WORK ITEM :: Once the pictures are set aside, output all the records exactly.
START INFORMATION PROVIDED
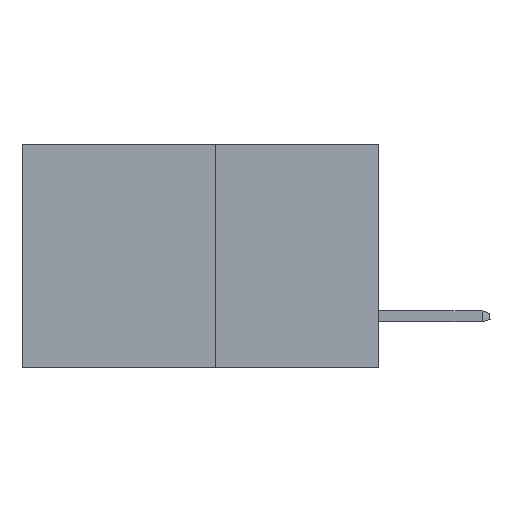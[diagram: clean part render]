
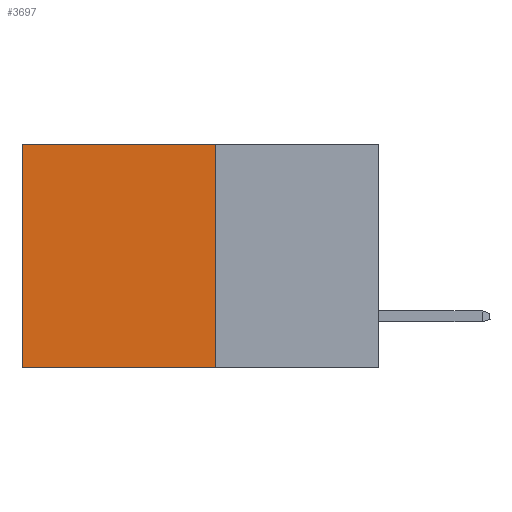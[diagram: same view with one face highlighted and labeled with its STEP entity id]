
A CAD part, left-side view. The second image highlights one B-rep face of the part: STEP entity #3697.
In plain terms, the highlighted planar face has unit normal (-1, 0, 0).
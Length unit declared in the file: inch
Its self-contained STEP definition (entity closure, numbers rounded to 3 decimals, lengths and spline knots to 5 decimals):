
#313 = LINE ( 'NONE', #10573, #3391 ) ;
#692 = CARTESIAN_POINT ( 'NONE',  ( 0.277, 0.27, 0. ) ) ;
#2126 = EDGE_CURVE ( 'NONE', #7980, #10544, #6766, .T. ) ;
#2142 = EDGE_CURVE ( 'NONE', #10544, #9016, #11423, .T. ) ;
#2182 = EDGE_CURVE ( 'NONE', #7980, #2547, #11284, .T. ) ;
#2377 = CARTESIAN_POINT ( 'NONE',  ( 0.277, 0.59, -0.37 ) ) ;
#2547 = VERTEX_POINT ( 'NONE', #8097 ) ;
#2615 = DIRECTION ( 'NONE',  ( 0., 1., 0. ) ) ;
#3391 = VECTOR ( 'NONE', #2615, 39.37008 ) ;
#3592 = DIRECTION ( 'NONE',  ( 0., 0., -1. ) ) ;
#3697 = ADVANCED_FACE ( 'NONE', ( #10563 ), #3860, .F. ) ;
#3745 = DIRECTION ( 'NONE',  ( 1., 0., 0. ) ) ;
#3782 = DIRECTION ( 'NONE',  ( 0., 1., 0. ) ) ;
#3860 = PLANE ( 'NONE',  #12476 ) ;
#5963 = EDGE_LOOP ( 'NONE', ( #8297, #6887, #6726, #9992 ) ) ;
#6308 = VECTOR ( 'NONE', #11537, 39.37008 ) ;
#6457 = VECTOR ( 'NONE', #3782, 39.37008 ) ;
#6726 = ORIENTED_EDGE ( 'NONE', *, *, #2182, .F. ) ;
#6766 = LINE ( 'NONE', #9235, #6457 ) ;
#6887 = ORIENTED_EDGE ( 'NONE', *, *, #9886, .F. ) ;
#7350 = CARTESIAN_POINT ( 'NONE',  ( 0.277, 0.27, -0.37 ) ) ;
#7579 = CARTESIAN_POINT ( 'NONE',  ( 0.277, 0.59, 0. ) ) ;
#7980 = VERTEX_POINT ( 'NONE', #692 ) ;
#8097 = CARTESIAN_POINT ( 'NONE',  ( 0.277, 0.27, -0.37 ) ) ;
#8297 = ORIENTED_EDGE ( 'NONE', *, *, #2142, .T. ) ;
#8960 = VECTOR ( 'NONE', #11574, 39.37008 ) ;
#9016 = VERTEX_POINT ( 'NONE', #2377 ) ;
#9235 = CARTESIAN_POINT ( 'NONE',  ( 0.277, 0.27, 0. ) ) ;
#9708 = CARTESIAN_POINT ( 'NONE',  ( 0.277, 0.27, -0.37 ) ) ;
#9886 = EDGE_CURVE ( 'NONE', #2547, #9016, #313, .T. ) ;
#9992 = ORIENTED_EDGE ( 'NONE', *, *, #2126, .T. ) ;
#10544 = VERTEX_POINT ( 'NONE', #7579 ) ;
#10563 = FACE_OUTER_BOUND ( 'NONE', #5963, .T. ) ;
#10573 = CARTESIAN_POINT ( 'NONE',  ( 0.277, 0.27, -0.37 ) ) ;
#11205 = CARTESIAN_POINT ( 'NONE',  ( 0.277, 0.59, -0.37 ) ) ;
#11284 = LINE ( 'NONE', #9708, #6308 ) ;
#11423 = LINE ( 'NONE', #11205, #8960 ) ;
#11537 = DIRECTION ( 'NONE',  ( 0., 0., -1. ) ) ;
#11574 = DIRECTION ( 'NONE',  ( 0., 0., -1. ) ) ;
#12476 = AXIS2_PLACEMENT_3D ( 'NONE', #7350, #3745, #3592 ) ;
END INFORMATION PROVIDED
EXERCISE RESULT ::
[diagram: clean part render]
[diagram: same view with one face highlighted and labeled with its STEP entity id]
A CAD part, left-side view. The second image highlights one B-rep face of the part: STEP entity #3697.
In plain terms, the highlighted planar face has unit normal (-1, 0, 0).
Length unit declared in the file: inch
Its self-contained STEP definition (entity closure, numbers rounded to 3 decimals, lengths and spline knots to 5 decimals):
#313 = LINE ( 'NONE', #10573, #3391 ) ;
#692 = CARTESIAN_POINT ( 'NONE',  ( 0.277, 0.27, 0. ) ) ;
#2126 = EDGE_CURVE ( 'NONE', #7980, #10544, #6766, .T. ) ;
#2142 = EDGE_CURVE ( 'NONE', #10544, #9016, #11423, .T. ) ;
#2182 = EDGE_CURVE ( 'NONE', #7980, #2547, #11284, .T. ) ;
#2377 = CARTESIAN_POINT ( 'NONE',  ( 0.277, 0.59, -0.37 ) ) ;
#2547 = VERTEX_POINT ( 'NONE', #8097 ) ;
#2615 = DIRECTION ( 'NONE',  ( 0., 1., 0. ) ) ;
#3391 = VECTOR ( 'NONE', #2615, 39.37008 ) ;
#3592 = DIRECTION ( 'NONE',  ( 0., 0., -1. ) ) ;
#3697 = ADVANCED_FACE ( 'NONE', ( #10563 ), #3860, .F. ) ;
#3745 = DIRECTION ( 'NONE',  ( 1., 0., 0. ) ) ;
#3782 = DIRECTION ( 'NONE',  ( 0., 1., 0. ) ) ;
#3860 = PLANE ( 'NONE',  #12476 ) ;
#5963 = EDGE_LOOP ( 'NONE', ( #8297, #6887, #6726, #9992 ) ) ;
#6308 = VECTOR ( 'NONE', #11537, 39.37008 ) ;
#6457 = VECTOR ( 'NONE', #3782, 39.37008 ) ;
#6726 = ORIENTED_EDGE ( 'NONE', *, *, #2182, .F. ) ;
#6766 = LINE ( 'NONE', #9235, #6457 ) ;
#6887 = ORIENTED_EDGE ( 'NONE', *, *, #9886, .F. ) ;
#7350 = CARTESIAN_POINT ( 'NONE',  ( 0.277, 0.27, -0.37 ) ) ;
#7579 = CARTESIAN_POINT ( 'NONE',  ( 0.277, 0.59, 0. ) ) ;
#7980 = VERTEX_POINT ( 'NONE', #692 ) ;
#8097 = CARTESIAN_POINT ( 'NONE',  ( 0.277, 0.27, -0.37 ) ) ;
#8297 = ORIENTED_EDGE ( 'NONE', *, *, #2142, .T. ) ;
#8960 = VECTOR ( 'NONE', #11574, 39.37008 ) ;
#9016 = VERTEX_POINT ( 'NONE', #2377 ) ;
#9235 = CARTESIAN_POINT ( 'NONE',  ( 0.277, 0.27, 0. ) ) ;
#9708 = CARTESIAN_POINT ( 'NONE',  ( 0.277, 0.27, -0.37 ) ) ;
#9886 = EDGE_CURVE ( 'NONE', #2547, #9016, #313, .T. ) ;
#9992 = ORIENTED_EDGE ( 'NONE', *, *, #2126, .T. ) ;
#10544 = VERTEX_POINT ( 'NONE', #7579 ) ;
#10563 = FACE_OUTER_BOUND ( 'NONE', #5963, .T. ) ;
#10573 = CARTESIAN_POINT ( 'NONE',  ( 0.277, 0.27, -0.37 ) ) ;
#11205 = CARTESIAN_POINT ( 'NONE',  ( 0.277, 0.59, -0.37 ) ) ;
#11284 = LINE ( 'NONE', #9708, #6308 ) ;
#11423 = LINE ( 'NONE', #11205, #8960 ) ;
#11537 = DIRECTION ( 'NONE',  ( 0., 0., -1. ) ) ;
#11574 = DIRECTION ( 'NONE',  ( 0., 0., -1. ) ) ;
#12476 = AXIS2_PLACEMENT_3D ( 'NONE', #7350, #3745, #3592 ) ;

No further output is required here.